19:33sandy1986lnostdal_: ?
19:53dnolen(+ 4 5)
19:53clojurebot*suffusion of yellow*
19:54dnolenoops
20:03dnolengrr, has anyone seen the issue where the SLIME REPL just doesn't seem to take any input
20:04dnolenthough interactive SLIME commands from w/in .clj files works fine
21:04mdeboardI'm seeking a quote by rhickey that said something along hte lines of, "Performance is meaningless if you don't have reliable data", anyone have a link?
21:48xcvHey guys, any news on when the screencasts from the last conj will be up on blip.tv? Really looking forward to watching them.
21:54aphyrStyle question: how should I handle kwargs?
21:56dnolenaphyr: destructuring supports kwargs
21:56dnolen
21:56aphyr(func :opt value :opt2 value), written with destructuring bind looks cleaner, but I've read that it can be slower.
21:57aphyrThe other thing is that sometimes I want to write a function that takes keyword args, provides a default for *one* of them, and passes the merged options down to some lower-level function
21:57dnolenaphyr: you can provide defaults
21:57aphyrWith (func {...}), that's easy to write as (lower-func (merge defaults opts))
21:58dnolen(defn foo [& {:keys [foo bar] :or {bar 1}}] ...)
21:59aphyrFor destructuring, I'm aware of (defn func [ & { :keys [a b c] :or [{...}]}]). Do I have to list the keys explicitly every time?
21:59aphyrIt'd be great if I could say "Take your args, provide a default for :somekey, and call the next fun"
22:00aphyr(without necessarily knowing what all the keys are)
22:01amalloyjust don't do it in the destructuring context
22:01amalloyas an aside, i think having a hierarchy with dozens of functions using kwargs is pretty gross. if you want kwargs as your top-level api, fine, but once you get into the internals accept an actual map so you don't have to do all this wrangling with & args
22:02aphyraha!
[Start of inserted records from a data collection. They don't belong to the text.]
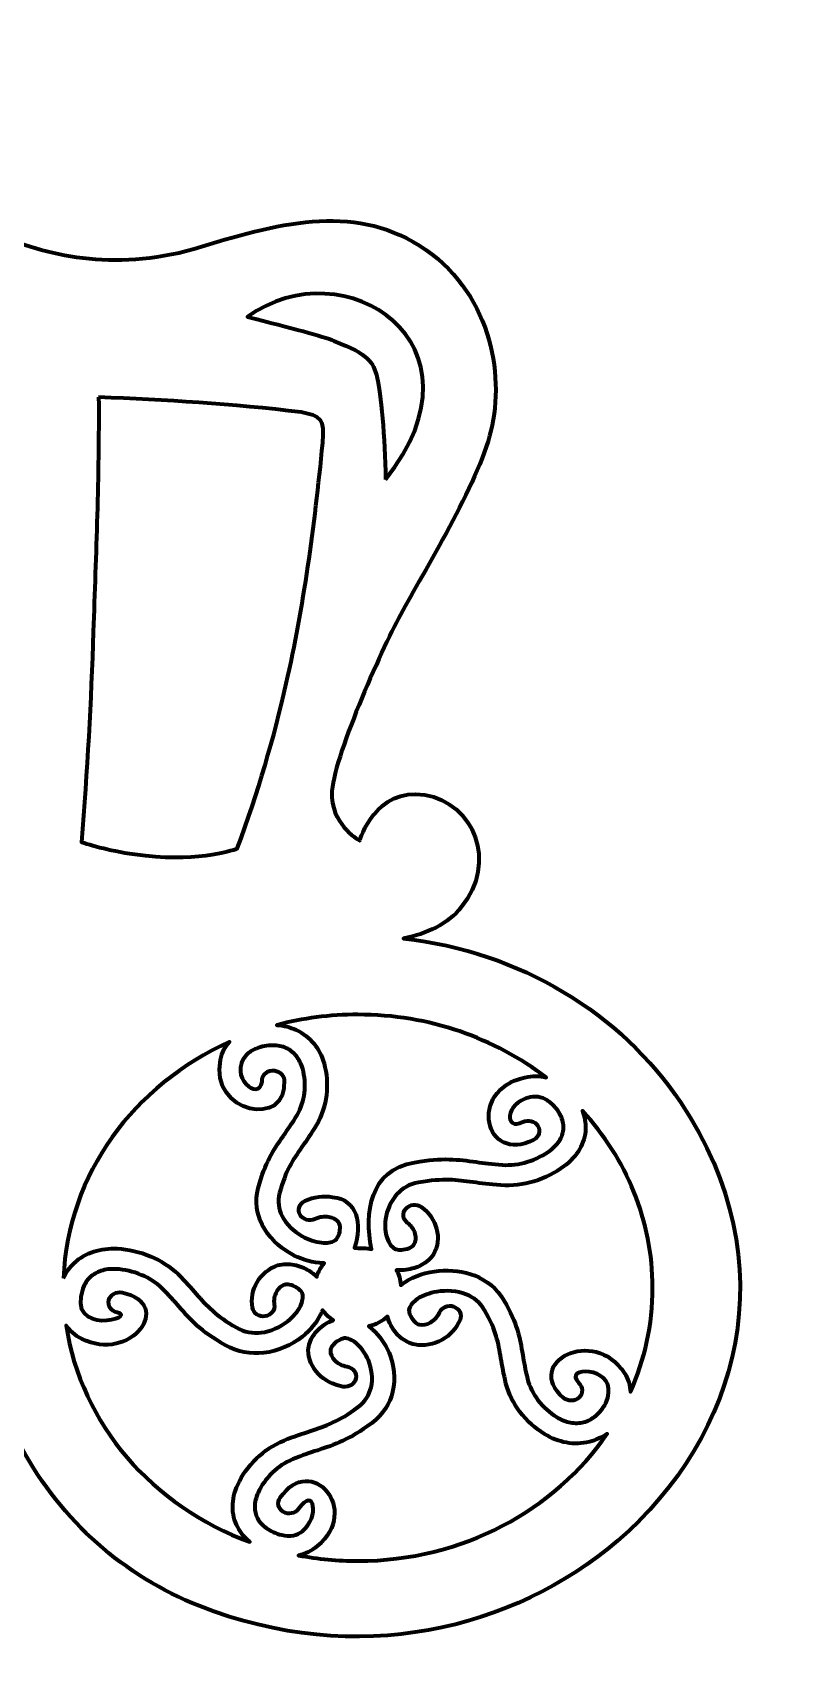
# Model space of a CAD drawing. Header units: centimetres. Extents: x -20.4 to 20.6, y -4.8 to 27.9.
# Drawn here: x 5.51 to 20.62, y -4.79 to 27.94 of the extents above; entities that cross this region are included whole.
import ezdxf

# ---------------------------------------------------------------- set-up
doc = ezdxf.new("R2010")
doc.units = ezdxf.units.CM
doc.header["$MEASUREMENT"] = 0
doc.layers.add('Camada 1', color=7, linetype='Continuous')

msp = doc.modelspace()

# ---------------------------------------------------------------- linework, layer by layer
at = {"layer": 'Camada 1', "color": 250, "lineweight": 200}
for points, knots in [([(4.00054, 3.35275), (4.04734, 3.97657), (4.00194, 3.96214), (4.20412, 4.53425), (4.20412, 4.53425), (4.33327, 4.46058), (4.46243, 4.3869), (4.59158, 4.31322), (4.59158, 4.31322), (4.20152, 2.77608), (4.51172, 1.05204), (5.29546, -0.39034), (5.29546, -0.39034), (6.08354, -1.84072), (7.3391, -2.94738), (8.8348, -3.53869), (8.8348, -3.53869), (11.99331, -4.78736), (15.12883, -4.01491), (17.20548, -2.23678), (17.20548, -2.23678), (19.64312, -0.14953), (20.62175, 3.32347), (18.46591, 6.53981), (18.46591, 6.53981), (17.27793, 8.31216), (15.26455, 9.55906), (12.92416, 9.81853), (12.92416, 9.81853), (13.38993, 9.90661), (13.81718, 10.11387), (14.08122, 10.44185), (14.08122, 10.44185), (14.81306, 11.35092), (14.33492, 12.5282), (13.34934, 12.69181), (13.34934, 12.69181), (12.36377, 12.85544), (12.05153, 11.77818), (12.05153, 11.77818), (12.05153, 11.77818), (12.05153, 11.77818), (11.53923, 12.0373), (11.49043, 12.64184), (11.49043, 12.64184), (11.44163, 13.2464), (12.40285, 15.41903), (12.82242, 16.21902), (12.82242, 16.21902), (13.242, 17.01904), (14.33492, 18.75535), (14.64718, 19.87351), (14.64718, 19.87351), (14.95942, 20.99167), (14.71542, 22.66435), (13.3688, 23.60069), (13.3688, 23.60069), (12.02217, 24.53703), (10.53894, 24.17334), (8.88983, 23.66426), (8.88983, 23.66426), (7.24072, 23.15516), (5.87462, 23.45517), (4.84024, 23.89153), (4.84024, 23.89153), (3.80587, 24.3279), (3.172, 24.8778), (3.172, 24.8778), (3.172, 24.8778), (3.172, 24.8778), (4.27473, 25.3687), (4.03074, 26.5141), (4.03074, 26.5141), (3.84031, 27.40816), (2.58859, 27.66906), (1.69978, 27.18777), (1.69978, 27.18777), (1.33402, 26.98974), (1.02967, 26.66593), (0.8861, 26.2089), (0.8861, 26.2089), (0.853, 26.10353), (0.82869, 25.99337), (0.81546, 25.8801), (0.81546, 25.8801), (0.66299, 26.20256), (0.45873, 26.41475), (0.27477, 26.55204), (0.27477, 26.55204), (0.49396, 26.68849), (0.63818, 26.92044), (0.63818, 27.18369), (0.63818, 27.18369), (0.63818, 27.60356), (0.27118, 27.94394), (-0.18149, 27.94394), (-0.18149, 27.94394), (-0.63419, 27.94394), (-1.00117, 27.60356), (-1.00117, 27.18369), (-1.00117, 27.18369), (-1.00117, 26.92044), (-0.85695, 26.68849), (-0.63779, 26.55204), (-0.63779, 26.55204), (-0.80674, 26.42597), (-0.99279, 26.23669), (-1.14018, 25.95685), (-1.14018, 25.95685), (-1.15422, 26.04318), (-1.17458, 26.12747), (-1.20015, 26.2089), (-1.20015, 26.2089), (-1.34372, 26.66593), (-1.64805, 26.98974), (-2.01384, 27.18777), (-2.01384, 27.18777), (-2.90263, 27.66906), (-4.15436, 27.40816), (-4.34479, 26.5141), (-4.34479, 26.5141), (-4.58877, 25.3687), (-3.48606, 24.8778), (-3.48606, 24.8778), (-3.48606, 24.8778), (-3.48606, 24.8778), (-4.11991, 24.3279), (-5.15429, 23.89153), (-5.15429, 23.89153), (-6.18866, 23.45517), (-7.55476, 23.15516), (-9.20387, 23.66426), (-9.20387, 23.66426), (-10.85299, 24.17334), (-12.33621, 24.53703), (-13.68285, 23.60069), (-13.68285, 23.60069), (-15.02946, 22.66435), (-15.27345, 20.99167), (-14.96122, 19.87351), (-14.96122, 19.87351), (-14.64899, 18.75535), (-13.55606, 17.01904), (-13.13646, 16.21902), (-13.13646, 16.21902), (-12.45026, 14.91072), (-11.8427, 13.20874), (-11.22994, 11.79254), (-11.22994, 11.79254), (-11.66333, 11.03421), (-13.15015, 10.75608), (-14.74537, 10.90634), (-14.74537, 10.90634), (-16.88979, 11.10835), (-19.2301, 12.08454), (-19.47066, 13.70911), (-19.47066, 13.70911), (-19.26742, 14.23442), (-18.95717, 14.67173), (-19.48263, 15.15268), (-19.48263, 15.15268), (-19.65445, 15.30995), (-20.17616, 15.47058), (-20.4123, 15.41294), (-20.4123, 15.41294), (-20.4123, 15.41294), (-20.43183, 13.16832), (-19.53409, 11.73826), (-19.53409, 11.73826), (-18.63636, 10.30821), (-17.21169, 8.95962), (-17.21169, 8.95962), (-17.21169, 8.95962), (-16.86032, 9.29116), (-16.28113, 9.57118), (-15.68189, 9.78245), (-15.68189, 9.78245), (-15.12195, 9.97985), (-14.54453, 10.1173), (-14.11899, 10.18073), (-14.11899, 10.18073), (-13.87312, 10.00095), (-13.56519, 9.88039), (-13.23822, 9.81853), (-13.23822, 9.81853), (-17.00174, 9.40129), (-19.91957, 6.4307), (-19.91957, 2.82757), (-19.91957, 2.82757), (-19.91957, -0.20915), (-17.84709, -2.79685), (-14.94246, -3.78517), (-14.94246, -3.78517), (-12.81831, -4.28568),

That's the opinion I was starting to form.
22:02aphyrJust passing maps down seems like less code
22:02amalloyonce you're just working with maps, it's easy
22:02dnolenwhat amalloy said
22:03aphyrSo... for user-facing code, kwargs for a concise API. For internal code, use maps for brevity (and speed?)
22:03amalloy(defn foo [opts] (bar (into {:a default-a} opts)))
22:03amalloyaphyr: personally i don't usually bother with kwargs for the user-facing code either, but there's nothing wrong with it
22:03amalloyit seems to me that if i write an API that has many kwargs i've usually designed it badly
22:04aphyrMostly I need it for network configuration, etc.
22:04aphyr:host, :port, :proto, blah blah blah
22:05amalloyeh. so ask them to pass a config/options map
22:05aphyrSounds good. Thanks a bunch guys. I haven't seen anything expressing this clearly in my googling, so I'll write a short post about it.
23:55tauntaunI can't seem to use the sql API without provoking exceptions. What are the latest versions of clojure & clojure-contrib that I should specify in leiningen's dependencies (project.clj)?
23:57dnolentauntaun: don't use the sql lib from monolothic contrib. there's a new one well maintained one.